**Work to be completed:** In the records below, find the line that contains "Aerodynamics/1 -> To" and the line that contains "Bus Selector/5 -> gamma/1". Set down exactly those lines and every line between them, and nothing more.

------ Data ------

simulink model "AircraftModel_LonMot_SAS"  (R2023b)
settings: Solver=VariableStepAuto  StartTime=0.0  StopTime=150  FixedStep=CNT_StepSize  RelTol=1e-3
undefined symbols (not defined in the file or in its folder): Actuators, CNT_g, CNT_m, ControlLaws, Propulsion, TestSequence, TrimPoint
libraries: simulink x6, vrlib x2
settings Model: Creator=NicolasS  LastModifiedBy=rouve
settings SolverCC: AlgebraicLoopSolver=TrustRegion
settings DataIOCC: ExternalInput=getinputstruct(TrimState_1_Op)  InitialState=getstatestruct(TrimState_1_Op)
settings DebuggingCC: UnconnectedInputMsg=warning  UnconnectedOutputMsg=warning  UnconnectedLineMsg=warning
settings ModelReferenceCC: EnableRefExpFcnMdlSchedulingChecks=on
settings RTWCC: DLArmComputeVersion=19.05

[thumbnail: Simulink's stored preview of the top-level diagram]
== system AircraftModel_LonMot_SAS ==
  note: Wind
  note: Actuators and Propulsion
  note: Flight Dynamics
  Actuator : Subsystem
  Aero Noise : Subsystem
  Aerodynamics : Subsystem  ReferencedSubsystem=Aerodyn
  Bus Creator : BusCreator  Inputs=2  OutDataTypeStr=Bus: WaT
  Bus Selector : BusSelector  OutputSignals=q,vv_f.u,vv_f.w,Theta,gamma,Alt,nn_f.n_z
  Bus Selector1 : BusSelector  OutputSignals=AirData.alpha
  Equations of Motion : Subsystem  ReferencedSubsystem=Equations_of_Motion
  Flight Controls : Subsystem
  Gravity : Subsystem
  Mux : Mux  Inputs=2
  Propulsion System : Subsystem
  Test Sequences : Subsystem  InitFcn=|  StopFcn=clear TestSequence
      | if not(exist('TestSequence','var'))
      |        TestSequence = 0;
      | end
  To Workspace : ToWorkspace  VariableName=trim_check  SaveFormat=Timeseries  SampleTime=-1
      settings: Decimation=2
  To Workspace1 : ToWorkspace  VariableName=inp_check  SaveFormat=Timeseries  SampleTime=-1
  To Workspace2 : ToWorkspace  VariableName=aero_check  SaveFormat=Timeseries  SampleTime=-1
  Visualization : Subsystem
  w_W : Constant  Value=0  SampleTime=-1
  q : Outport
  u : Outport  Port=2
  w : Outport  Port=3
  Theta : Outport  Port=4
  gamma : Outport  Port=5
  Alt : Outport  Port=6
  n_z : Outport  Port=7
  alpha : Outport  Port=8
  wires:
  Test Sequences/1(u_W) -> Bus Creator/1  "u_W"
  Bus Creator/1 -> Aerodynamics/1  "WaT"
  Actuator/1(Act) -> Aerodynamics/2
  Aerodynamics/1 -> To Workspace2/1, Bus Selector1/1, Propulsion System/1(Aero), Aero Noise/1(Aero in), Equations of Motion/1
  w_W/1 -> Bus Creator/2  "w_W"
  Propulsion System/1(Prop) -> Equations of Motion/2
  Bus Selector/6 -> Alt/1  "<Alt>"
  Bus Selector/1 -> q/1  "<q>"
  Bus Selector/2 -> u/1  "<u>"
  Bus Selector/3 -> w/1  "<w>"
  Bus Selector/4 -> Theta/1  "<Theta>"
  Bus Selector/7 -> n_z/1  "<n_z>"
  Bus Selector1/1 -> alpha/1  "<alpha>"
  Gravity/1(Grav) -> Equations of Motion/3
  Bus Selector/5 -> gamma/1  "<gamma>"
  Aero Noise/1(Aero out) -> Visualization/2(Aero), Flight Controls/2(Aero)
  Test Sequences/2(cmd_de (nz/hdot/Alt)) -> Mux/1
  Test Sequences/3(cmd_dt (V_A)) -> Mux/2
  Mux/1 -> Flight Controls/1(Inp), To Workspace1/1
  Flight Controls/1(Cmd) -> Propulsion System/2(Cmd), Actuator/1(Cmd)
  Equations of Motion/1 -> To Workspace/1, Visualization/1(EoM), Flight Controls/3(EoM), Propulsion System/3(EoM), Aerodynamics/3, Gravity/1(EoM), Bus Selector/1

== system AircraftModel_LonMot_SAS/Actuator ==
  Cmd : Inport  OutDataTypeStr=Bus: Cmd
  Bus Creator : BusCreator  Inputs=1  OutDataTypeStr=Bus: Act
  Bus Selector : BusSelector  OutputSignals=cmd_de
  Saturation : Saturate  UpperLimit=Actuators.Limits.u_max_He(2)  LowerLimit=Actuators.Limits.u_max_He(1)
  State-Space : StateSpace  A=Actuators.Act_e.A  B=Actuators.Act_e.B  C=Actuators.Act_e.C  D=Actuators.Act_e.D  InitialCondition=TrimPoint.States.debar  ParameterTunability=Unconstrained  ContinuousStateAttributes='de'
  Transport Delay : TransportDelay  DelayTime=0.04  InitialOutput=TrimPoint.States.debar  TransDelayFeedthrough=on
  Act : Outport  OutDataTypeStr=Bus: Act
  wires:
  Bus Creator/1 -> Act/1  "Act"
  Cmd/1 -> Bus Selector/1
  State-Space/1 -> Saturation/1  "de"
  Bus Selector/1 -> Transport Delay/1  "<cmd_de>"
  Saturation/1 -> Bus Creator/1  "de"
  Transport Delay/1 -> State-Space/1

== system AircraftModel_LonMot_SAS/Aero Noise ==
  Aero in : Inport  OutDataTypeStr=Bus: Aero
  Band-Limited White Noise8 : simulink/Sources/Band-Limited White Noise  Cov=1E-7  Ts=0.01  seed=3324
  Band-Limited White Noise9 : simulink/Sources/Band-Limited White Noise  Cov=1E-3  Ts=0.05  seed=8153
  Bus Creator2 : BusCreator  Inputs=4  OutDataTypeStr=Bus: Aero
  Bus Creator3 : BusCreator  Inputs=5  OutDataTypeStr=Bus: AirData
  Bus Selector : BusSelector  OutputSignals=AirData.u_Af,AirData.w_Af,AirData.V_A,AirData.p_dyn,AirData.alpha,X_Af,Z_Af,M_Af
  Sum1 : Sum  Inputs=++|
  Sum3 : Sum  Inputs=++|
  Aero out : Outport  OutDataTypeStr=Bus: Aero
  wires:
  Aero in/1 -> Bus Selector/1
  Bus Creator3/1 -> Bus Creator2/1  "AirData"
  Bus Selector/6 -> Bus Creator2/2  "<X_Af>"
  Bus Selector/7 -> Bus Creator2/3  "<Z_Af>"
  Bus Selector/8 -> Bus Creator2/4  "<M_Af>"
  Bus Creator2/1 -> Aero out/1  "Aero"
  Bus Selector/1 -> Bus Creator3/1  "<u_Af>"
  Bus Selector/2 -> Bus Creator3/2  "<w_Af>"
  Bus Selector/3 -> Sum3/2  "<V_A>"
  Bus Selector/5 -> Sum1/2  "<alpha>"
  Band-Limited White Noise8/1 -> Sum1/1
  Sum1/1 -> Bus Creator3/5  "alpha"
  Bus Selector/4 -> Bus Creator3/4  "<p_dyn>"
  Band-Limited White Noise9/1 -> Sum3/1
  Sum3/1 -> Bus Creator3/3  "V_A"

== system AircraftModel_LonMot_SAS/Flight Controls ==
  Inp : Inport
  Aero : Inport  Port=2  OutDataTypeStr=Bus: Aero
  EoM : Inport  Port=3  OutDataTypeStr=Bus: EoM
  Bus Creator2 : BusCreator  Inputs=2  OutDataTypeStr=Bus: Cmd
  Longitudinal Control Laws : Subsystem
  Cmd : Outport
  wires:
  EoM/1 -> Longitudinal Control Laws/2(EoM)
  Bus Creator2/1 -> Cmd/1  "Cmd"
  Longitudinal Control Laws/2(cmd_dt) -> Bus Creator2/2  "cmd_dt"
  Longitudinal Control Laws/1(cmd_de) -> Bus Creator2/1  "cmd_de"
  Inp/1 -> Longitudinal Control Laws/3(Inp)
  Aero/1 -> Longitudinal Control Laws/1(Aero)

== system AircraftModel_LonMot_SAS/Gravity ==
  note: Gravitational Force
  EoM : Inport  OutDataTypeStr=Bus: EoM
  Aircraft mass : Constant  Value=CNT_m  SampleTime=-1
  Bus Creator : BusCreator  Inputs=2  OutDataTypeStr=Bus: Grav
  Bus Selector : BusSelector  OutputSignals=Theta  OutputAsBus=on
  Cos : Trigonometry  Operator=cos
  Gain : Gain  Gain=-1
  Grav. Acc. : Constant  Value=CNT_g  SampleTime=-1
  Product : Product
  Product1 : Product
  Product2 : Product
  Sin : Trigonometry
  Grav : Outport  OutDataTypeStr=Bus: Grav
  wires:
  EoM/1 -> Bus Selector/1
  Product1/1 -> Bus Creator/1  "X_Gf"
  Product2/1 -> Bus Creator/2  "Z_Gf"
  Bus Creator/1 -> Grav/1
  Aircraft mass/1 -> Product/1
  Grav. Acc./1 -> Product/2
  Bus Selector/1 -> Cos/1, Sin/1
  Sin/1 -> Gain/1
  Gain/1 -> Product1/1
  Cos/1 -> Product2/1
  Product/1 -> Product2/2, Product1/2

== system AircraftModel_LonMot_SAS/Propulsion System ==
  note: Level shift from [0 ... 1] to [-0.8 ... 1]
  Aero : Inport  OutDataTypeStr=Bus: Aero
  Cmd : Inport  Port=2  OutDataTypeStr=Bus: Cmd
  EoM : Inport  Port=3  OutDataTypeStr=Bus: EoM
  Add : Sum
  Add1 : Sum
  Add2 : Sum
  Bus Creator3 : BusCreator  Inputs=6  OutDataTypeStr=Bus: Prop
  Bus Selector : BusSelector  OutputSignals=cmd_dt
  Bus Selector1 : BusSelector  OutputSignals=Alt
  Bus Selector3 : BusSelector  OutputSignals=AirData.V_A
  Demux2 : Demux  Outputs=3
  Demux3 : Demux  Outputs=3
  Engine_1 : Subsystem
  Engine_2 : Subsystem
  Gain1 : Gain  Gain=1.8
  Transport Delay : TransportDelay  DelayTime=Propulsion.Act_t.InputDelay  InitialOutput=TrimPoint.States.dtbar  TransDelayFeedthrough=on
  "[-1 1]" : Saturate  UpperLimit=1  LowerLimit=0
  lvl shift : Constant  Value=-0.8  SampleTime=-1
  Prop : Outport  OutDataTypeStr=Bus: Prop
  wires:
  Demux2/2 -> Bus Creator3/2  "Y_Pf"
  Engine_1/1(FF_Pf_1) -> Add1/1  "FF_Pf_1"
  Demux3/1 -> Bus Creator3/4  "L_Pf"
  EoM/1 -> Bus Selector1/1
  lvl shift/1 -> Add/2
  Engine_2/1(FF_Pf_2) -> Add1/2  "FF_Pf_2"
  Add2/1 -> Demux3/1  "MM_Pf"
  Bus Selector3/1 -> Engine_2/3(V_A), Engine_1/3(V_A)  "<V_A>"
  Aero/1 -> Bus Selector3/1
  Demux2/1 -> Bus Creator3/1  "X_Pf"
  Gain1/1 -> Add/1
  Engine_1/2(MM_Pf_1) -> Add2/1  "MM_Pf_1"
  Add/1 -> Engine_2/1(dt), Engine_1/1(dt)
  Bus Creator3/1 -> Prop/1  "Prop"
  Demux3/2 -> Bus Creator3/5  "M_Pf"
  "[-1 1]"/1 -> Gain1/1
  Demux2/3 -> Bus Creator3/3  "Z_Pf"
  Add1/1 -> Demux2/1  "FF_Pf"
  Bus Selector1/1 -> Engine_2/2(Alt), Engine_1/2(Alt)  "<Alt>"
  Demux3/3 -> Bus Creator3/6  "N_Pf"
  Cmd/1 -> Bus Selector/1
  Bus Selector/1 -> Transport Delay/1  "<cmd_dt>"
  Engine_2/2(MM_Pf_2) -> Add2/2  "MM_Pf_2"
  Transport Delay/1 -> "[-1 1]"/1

------

**Exercise answer:**
  Aerodynamics/1 -> To Workspace2/1, Bus Selector1/1, Propulsion System/1(Aero), Aero Noise/1(Aero in), Equations of Motion/1
  w_W/1 -> Bus Creator/2  "w_W"
  Propulsion System/1(Prop) -> Equations of Motion/2
  Bus Selector/6 -> Alt/1  "<Alt>"
  Bus Selector/1 -> q/1  "<q>"
  Bus Selector/2 -> u/1  "<u>"
  Bus Selector/3 -> w/1  "<w>"
  Bus Selector/4 -> Theta/1  "<Theta>"
  Bus Selector/7 -> n_z/1  "<n_z>"
  Bus Selector1/1 -> alpha/1  "<alpha>"
  Gravity/1(Grav) -> Equations of Motion/3
  Bus Selector/5 -> gamma/1  "<gamma>"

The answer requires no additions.